▸ RECORDS FOR THIS TASK
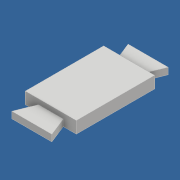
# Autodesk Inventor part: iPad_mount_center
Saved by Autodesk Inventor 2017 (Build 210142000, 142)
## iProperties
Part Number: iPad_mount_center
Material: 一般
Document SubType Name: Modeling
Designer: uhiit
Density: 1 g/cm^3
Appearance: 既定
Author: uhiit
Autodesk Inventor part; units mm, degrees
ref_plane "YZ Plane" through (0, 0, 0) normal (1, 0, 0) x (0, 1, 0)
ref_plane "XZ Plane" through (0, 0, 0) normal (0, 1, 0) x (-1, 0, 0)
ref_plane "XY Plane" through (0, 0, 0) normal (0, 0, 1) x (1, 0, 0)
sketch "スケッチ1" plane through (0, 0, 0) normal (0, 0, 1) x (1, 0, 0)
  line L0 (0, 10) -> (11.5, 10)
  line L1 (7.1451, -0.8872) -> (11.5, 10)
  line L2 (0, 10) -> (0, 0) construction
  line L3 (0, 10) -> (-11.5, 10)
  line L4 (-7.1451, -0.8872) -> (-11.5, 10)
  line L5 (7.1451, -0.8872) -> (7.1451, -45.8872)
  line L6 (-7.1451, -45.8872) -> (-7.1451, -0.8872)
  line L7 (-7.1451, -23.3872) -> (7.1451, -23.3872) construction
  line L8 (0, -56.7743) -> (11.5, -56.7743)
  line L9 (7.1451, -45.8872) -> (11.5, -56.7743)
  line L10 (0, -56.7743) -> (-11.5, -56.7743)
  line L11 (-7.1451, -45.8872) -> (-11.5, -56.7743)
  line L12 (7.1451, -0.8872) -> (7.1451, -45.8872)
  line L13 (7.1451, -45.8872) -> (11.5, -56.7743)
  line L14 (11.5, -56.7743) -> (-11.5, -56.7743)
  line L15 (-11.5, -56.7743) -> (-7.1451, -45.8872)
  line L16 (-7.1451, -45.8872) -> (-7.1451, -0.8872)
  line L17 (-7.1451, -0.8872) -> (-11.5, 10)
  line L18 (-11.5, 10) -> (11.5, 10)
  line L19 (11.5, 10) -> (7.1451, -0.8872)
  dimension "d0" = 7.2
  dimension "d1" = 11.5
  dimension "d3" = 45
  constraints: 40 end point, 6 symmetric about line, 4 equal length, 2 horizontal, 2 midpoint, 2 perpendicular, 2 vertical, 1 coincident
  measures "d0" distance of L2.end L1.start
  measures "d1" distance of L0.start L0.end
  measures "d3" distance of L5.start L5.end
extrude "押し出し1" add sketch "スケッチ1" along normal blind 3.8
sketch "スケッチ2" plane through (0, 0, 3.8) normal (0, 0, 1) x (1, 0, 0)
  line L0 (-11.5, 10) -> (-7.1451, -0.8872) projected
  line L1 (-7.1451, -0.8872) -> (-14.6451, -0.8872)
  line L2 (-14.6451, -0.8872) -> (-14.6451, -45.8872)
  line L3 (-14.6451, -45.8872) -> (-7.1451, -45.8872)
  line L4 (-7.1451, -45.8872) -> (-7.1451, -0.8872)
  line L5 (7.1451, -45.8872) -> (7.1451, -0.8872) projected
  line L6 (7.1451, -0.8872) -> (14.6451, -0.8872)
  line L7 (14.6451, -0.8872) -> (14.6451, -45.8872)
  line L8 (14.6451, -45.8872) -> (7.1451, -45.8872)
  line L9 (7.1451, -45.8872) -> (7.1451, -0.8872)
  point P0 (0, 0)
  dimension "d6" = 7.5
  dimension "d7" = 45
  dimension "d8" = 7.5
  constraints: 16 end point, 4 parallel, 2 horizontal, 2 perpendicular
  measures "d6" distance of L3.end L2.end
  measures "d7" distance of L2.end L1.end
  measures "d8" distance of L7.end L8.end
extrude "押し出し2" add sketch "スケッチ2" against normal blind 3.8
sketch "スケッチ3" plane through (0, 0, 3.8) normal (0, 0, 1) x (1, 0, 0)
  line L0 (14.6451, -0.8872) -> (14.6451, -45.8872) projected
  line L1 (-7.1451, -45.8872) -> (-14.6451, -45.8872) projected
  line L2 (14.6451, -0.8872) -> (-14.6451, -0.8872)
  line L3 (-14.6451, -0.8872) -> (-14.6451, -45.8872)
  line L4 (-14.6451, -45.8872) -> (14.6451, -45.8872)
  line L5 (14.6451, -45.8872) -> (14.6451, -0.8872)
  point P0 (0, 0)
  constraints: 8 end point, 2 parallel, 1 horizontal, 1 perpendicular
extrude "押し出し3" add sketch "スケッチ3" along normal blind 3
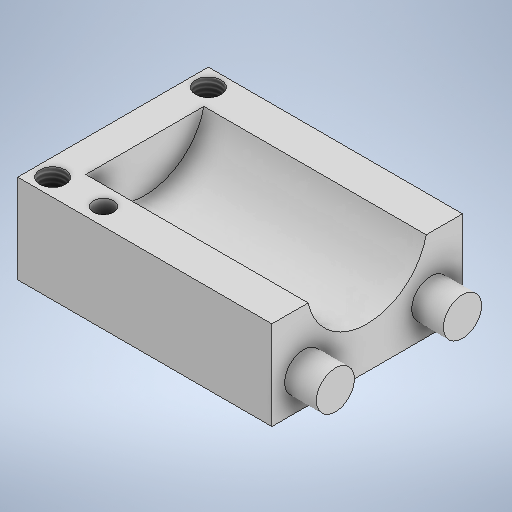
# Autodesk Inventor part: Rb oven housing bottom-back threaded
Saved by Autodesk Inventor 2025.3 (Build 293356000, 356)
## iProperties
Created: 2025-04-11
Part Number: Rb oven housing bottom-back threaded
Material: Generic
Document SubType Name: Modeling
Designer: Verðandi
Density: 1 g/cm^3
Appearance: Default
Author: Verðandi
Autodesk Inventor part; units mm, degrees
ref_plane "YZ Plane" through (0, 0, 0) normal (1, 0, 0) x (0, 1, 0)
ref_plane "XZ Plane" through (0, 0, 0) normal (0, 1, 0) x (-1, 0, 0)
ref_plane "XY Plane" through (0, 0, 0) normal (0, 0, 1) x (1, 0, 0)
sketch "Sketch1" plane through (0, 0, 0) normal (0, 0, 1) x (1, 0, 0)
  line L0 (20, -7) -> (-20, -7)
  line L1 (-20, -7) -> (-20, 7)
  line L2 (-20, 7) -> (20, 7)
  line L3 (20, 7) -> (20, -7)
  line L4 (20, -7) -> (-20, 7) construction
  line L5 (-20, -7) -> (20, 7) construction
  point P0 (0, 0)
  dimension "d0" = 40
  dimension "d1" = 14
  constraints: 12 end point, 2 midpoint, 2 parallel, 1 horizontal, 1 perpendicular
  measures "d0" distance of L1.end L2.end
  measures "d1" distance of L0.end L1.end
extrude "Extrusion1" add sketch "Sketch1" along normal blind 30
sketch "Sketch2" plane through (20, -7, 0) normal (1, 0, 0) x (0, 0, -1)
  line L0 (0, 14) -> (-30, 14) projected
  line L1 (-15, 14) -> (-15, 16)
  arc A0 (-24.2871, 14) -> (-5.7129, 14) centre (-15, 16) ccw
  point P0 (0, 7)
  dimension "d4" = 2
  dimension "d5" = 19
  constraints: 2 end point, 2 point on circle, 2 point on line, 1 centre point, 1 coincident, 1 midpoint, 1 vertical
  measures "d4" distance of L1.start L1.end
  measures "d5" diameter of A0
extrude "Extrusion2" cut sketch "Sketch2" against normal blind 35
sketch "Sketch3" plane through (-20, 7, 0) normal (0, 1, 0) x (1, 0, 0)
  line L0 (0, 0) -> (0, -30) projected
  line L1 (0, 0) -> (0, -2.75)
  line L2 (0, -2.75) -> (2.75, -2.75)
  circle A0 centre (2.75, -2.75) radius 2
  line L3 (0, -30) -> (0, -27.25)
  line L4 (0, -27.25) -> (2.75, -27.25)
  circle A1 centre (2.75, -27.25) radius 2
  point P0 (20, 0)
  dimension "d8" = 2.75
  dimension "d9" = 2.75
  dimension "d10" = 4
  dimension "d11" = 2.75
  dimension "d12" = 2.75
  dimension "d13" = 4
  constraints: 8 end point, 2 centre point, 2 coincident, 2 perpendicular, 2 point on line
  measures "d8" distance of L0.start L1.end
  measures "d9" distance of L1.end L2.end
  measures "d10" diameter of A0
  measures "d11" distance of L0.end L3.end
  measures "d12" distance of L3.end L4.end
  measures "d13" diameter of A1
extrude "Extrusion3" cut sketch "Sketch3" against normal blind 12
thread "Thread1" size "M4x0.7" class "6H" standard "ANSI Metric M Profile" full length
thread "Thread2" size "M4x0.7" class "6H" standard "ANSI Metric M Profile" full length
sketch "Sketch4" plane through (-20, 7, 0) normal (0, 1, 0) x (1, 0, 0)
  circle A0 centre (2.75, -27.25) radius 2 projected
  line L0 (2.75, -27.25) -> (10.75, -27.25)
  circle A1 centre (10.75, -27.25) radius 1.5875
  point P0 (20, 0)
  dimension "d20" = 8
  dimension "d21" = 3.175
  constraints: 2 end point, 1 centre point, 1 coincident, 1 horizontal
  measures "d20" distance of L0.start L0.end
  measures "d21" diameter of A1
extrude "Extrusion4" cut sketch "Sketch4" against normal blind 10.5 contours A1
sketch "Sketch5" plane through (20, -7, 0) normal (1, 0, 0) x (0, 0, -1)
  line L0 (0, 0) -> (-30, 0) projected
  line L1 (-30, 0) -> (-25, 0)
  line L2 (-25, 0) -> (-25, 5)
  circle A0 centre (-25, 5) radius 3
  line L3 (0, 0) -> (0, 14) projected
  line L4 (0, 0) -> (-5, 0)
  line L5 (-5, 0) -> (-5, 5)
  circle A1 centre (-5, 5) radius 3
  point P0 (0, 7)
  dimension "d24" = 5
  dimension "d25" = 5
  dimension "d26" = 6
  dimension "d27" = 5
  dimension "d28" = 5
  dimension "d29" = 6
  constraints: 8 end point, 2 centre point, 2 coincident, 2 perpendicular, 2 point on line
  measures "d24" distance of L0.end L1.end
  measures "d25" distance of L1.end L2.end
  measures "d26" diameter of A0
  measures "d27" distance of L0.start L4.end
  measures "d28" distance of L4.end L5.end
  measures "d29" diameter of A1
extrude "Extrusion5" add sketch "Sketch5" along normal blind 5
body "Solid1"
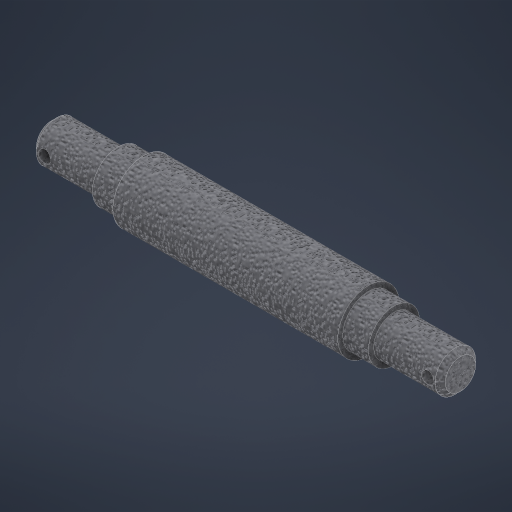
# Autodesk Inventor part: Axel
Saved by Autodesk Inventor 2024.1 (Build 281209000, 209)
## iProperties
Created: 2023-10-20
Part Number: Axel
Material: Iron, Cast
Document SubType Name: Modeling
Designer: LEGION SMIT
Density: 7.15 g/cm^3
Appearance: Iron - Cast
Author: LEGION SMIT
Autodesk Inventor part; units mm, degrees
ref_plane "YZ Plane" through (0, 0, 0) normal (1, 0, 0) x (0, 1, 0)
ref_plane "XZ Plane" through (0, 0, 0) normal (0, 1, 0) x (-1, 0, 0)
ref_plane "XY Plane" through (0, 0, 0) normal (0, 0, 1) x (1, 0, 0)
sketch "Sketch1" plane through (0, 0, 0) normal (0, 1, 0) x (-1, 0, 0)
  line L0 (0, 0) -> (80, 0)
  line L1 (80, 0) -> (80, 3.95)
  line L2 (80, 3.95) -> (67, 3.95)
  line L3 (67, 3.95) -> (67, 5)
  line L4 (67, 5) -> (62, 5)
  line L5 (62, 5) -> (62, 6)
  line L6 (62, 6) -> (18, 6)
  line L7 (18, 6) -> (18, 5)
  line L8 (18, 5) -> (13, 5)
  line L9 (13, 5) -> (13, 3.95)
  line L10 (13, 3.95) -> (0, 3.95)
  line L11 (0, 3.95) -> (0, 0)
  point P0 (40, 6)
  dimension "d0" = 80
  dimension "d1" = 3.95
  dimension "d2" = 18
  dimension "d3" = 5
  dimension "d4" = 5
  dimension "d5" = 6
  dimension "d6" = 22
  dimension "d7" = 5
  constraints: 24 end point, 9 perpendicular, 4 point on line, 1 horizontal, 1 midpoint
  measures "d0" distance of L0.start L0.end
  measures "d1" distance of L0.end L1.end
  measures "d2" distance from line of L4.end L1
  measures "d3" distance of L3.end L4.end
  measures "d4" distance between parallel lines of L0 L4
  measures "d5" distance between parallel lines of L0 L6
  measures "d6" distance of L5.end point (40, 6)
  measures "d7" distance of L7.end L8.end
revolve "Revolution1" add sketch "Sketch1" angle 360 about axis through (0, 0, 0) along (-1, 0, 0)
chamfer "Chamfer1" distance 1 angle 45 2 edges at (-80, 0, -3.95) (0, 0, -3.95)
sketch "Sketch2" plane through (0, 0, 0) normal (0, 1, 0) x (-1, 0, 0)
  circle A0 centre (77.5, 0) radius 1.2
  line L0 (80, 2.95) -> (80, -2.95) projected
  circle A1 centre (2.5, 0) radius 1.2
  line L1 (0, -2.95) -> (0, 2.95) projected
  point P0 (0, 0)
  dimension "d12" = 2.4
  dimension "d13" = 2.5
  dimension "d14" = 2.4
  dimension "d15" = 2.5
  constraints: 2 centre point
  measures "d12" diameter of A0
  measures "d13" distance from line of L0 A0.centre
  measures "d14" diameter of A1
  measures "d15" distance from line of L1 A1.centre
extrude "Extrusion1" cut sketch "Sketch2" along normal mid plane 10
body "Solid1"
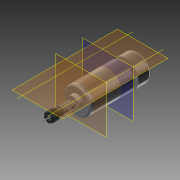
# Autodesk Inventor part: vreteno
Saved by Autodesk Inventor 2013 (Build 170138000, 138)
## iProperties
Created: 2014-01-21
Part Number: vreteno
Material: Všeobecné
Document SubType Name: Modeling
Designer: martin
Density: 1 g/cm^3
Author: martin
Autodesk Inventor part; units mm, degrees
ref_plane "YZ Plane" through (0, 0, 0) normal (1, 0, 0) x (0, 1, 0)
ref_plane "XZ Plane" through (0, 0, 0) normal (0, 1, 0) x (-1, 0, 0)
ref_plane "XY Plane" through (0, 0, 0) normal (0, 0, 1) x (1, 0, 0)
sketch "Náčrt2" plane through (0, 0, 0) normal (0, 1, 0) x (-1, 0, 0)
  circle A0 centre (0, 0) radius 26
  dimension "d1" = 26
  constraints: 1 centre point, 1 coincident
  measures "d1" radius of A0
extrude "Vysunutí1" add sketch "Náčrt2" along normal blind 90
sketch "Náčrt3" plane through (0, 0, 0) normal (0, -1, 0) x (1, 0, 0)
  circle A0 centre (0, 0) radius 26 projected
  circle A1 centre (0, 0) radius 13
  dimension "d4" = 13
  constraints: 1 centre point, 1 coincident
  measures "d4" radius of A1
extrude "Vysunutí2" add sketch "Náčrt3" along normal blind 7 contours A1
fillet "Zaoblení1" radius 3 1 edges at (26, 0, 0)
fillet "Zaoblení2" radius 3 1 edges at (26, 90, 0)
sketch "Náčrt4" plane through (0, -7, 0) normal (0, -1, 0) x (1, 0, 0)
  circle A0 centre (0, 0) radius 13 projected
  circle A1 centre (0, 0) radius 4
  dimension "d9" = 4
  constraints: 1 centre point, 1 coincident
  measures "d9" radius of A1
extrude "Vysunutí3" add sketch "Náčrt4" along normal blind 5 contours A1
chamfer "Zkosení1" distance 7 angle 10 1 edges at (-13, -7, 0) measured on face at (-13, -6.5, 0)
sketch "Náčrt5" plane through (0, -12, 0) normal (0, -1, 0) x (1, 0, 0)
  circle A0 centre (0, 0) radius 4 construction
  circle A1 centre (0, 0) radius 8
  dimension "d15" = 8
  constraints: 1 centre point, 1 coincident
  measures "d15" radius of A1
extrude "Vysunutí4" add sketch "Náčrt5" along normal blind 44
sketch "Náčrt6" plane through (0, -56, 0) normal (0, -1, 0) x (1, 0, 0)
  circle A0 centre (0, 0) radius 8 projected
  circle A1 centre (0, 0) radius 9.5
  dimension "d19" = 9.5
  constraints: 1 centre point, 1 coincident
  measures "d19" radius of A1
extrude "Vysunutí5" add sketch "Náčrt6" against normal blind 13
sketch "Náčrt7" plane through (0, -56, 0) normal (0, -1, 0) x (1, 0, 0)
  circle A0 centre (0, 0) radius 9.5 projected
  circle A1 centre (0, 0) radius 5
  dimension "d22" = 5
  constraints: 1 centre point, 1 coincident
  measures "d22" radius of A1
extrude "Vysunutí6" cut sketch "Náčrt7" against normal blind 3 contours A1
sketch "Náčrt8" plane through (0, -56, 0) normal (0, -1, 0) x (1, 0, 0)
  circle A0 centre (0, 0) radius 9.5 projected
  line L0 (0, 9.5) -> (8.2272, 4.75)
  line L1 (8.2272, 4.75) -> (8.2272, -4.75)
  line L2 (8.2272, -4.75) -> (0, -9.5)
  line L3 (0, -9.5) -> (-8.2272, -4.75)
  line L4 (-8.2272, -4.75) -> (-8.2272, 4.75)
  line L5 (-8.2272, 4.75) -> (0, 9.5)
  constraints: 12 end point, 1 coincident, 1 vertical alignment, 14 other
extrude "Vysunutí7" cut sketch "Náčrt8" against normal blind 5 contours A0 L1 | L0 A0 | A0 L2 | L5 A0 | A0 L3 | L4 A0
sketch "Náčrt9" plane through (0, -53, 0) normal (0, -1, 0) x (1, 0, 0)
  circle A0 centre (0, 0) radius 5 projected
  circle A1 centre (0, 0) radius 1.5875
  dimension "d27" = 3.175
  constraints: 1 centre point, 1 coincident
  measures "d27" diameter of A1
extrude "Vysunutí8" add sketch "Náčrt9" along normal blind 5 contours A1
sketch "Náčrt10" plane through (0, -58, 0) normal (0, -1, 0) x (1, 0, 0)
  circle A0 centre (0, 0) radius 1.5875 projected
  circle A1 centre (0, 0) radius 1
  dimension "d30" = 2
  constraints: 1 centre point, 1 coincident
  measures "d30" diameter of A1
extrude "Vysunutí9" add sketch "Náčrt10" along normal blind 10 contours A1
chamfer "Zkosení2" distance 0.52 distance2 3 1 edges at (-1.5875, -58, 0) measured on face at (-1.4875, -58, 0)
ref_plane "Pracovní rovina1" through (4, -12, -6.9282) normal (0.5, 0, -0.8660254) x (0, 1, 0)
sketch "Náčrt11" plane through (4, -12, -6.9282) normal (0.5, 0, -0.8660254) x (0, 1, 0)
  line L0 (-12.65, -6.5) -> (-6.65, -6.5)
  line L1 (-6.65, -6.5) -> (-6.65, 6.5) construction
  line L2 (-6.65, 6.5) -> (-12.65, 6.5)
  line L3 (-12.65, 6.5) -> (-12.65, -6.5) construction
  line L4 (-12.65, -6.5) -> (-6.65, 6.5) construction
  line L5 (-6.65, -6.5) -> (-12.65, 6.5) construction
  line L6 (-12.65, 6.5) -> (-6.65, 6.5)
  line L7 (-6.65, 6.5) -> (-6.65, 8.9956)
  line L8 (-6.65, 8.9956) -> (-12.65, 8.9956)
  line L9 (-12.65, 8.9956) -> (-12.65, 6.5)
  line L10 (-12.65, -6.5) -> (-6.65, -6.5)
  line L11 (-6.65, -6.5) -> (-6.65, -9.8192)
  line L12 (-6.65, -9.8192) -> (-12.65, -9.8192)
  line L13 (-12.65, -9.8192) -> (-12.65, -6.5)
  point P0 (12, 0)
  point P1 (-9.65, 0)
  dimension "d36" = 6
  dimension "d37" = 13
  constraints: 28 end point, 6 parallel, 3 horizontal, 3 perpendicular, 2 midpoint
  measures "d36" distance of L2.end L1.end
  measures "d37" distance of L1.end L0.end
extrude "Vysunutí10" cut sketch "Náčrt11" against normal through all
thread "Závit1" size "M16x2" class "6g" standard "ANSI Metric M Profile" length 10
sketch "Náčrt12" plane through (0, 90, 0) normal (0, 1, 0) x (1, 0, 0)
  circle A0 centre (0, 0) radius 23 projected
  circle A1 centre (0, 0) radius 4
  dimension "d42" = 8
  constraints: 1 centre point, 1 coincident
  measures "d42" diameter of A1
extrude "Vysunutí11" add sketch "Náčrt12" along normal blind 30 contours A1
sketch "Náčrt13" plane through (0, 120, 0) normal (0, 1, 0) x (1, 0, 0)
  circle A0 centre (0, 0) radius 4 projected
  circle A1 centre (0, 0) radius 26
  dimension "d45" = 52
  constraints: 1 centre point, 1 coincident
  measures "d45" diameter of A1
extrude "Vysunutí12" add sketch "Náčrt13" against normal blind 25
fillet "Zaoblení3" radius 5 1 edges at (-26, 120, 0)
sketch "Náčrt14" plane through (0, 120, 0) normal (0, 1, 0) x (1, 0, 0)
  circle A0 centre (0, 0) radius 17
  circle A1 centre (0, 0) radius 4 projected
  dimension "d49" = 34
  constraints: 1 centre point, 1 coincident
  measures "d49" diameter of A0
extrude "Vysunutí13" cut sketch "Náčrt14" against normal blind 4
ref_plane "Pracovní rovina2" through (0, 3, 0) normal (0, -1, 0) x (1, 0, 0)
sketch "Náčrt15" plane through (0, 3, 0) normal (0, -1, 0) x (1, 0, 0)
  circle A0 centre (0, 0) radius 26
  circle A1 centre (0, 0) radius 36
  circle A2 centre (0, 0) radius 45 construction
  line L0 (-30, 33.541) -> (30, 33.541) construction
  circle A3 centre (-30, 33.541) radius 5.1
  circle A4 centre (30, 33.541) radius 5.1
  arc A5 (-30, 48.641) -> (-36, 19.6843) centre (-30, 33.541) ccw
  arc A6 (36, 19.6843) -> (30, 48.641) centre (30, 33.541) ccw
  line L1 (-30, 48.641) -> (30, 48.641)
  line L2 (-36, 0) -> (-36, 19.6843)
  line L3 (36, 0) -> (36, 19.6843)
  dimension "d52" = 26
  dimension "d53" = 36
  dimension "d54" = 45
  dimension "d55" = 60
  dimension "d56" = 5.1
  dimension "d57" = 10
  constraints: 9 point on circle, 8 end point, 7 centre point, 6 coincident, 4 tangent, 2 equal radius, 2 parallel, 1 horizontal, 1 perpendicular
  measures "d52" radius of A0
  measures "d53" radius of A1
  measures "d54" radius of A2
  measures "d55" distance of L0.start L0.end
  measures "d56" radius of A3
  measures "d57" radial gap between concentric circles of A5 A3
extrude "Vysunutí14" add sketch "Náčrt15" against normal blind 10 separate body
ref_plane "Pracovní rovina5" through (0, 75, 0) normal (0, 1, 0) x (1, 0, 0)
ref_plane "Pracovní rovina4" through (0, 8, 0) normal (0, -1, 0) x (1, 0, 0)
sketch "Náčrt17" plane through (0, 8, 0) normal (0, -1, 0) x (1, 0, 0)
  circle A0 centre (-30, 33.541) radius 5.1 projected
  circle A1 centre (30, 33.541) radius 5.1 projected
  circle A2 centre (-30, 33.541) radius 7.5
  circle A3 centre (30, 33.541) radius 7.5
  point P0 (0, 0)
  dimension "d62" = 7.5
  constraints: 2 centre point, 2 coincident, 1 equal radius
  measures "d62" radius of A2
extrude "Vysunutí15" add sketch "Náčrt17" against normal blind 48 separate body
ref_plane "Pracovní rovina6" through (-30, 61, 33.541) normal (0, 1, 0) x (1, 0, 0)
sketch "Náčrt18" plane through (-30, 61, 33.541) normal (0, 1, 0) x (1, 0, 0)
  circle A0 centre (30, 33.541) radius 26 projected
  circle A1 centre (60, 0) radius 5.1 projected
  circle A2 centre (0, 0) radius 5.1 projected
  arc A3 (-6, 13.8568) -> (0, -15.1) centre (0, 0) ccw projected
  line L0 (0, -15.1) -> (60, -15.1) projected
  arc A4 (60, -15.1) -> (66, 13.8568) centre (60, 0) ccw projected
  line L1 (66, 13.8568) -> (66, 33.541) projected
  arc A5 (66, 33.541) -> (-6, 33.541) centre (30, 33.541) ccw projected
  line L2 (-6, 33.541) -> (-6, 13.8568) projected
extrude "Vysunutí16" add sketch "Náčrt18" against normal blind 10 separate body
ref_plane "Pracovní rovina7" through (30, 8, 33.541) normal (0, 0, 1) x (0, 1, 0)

▸ REQUIREMENT
Go through the data above and print exactly the lines from its first line through the line holding "line L17 (-7.1451, -0.8872) -> (-11.5, 10)", both included, leaving pictures aside.

▸ REPLY
# Autodesk Inventor part: iPad_mount_center
Saved by Autodesk Inventor 2017 (Build 210142000, 142)
## iProperties
Part Number: iPad_mount_center
Material: 一般
Document SubType Name: Modeling
Designer: uhiit
Density: 1 g/cm^3
Appearance: 既定
Author: uhiit
Autodesk Inventor part; units mm, degrees
ref_plane "YZ Plane" through (0, 0, 0) normal (1, 0, 0) x (0, 1, 0)
ref_plane "XZ Plane" through (0, 0, 0) normal (0, 1, 0) x (-1, 0, 0)
ref_plane "XY Plane" through (0, 0, 0) normal (0, 0, 1) x (1, 0, 0)
sketch "スケッチ1" plane through (0, 0, 0) normal (0, 0, 1) x (1, 0, 0)
  line L0 (0, 10) -> (11.5, 10)
  line L1 (7.1451, -0.8872) -> (11.5, 10)
  line L2 (0, 10) -> (0, 0) construction
  line L3 (0, 10) -> (-11.5, 10)
  line L4 (-7.1451, -0.8872) -> (-11.5, 10)
  line L5 (7.1451, -0.8872) -> (7.1451, -45.8872)
  line L6 (-7.1451, -45.8872) -> (-7.1451, -0.8872)
  line L7 (-7.1451, -23.3872) -> (7.1451, -23.3872) construction
  line L8 (0, -56.7743) -> (11.5, -56.7743)
  line L9 (7.1451, -45.8872) -> (11.5, -56.7743)
  line L10 (0, -56.7743) -> (-11.5, -56.7743)
  line L11 (-7.1451, -45.8872) -> (-11.5, -56.7743)
  line L12 (7.1451, -0.8872) -> (7.1451, -45.8872)
  line L13 (7.1451, -45.8872) -> (11.5, -56.7743)
  line L14 (11.5, -56.7743) -> (-11.5, -56.7743)
  line L15 (-11.5, -56.7743) -> (-7.1451, -45.8872)
  line L16 (-7.1451, -45.8872) -> (-7.1451, -0.8872)
  line L17 (-7.1451, -0.8872) -> (-11.5, 10)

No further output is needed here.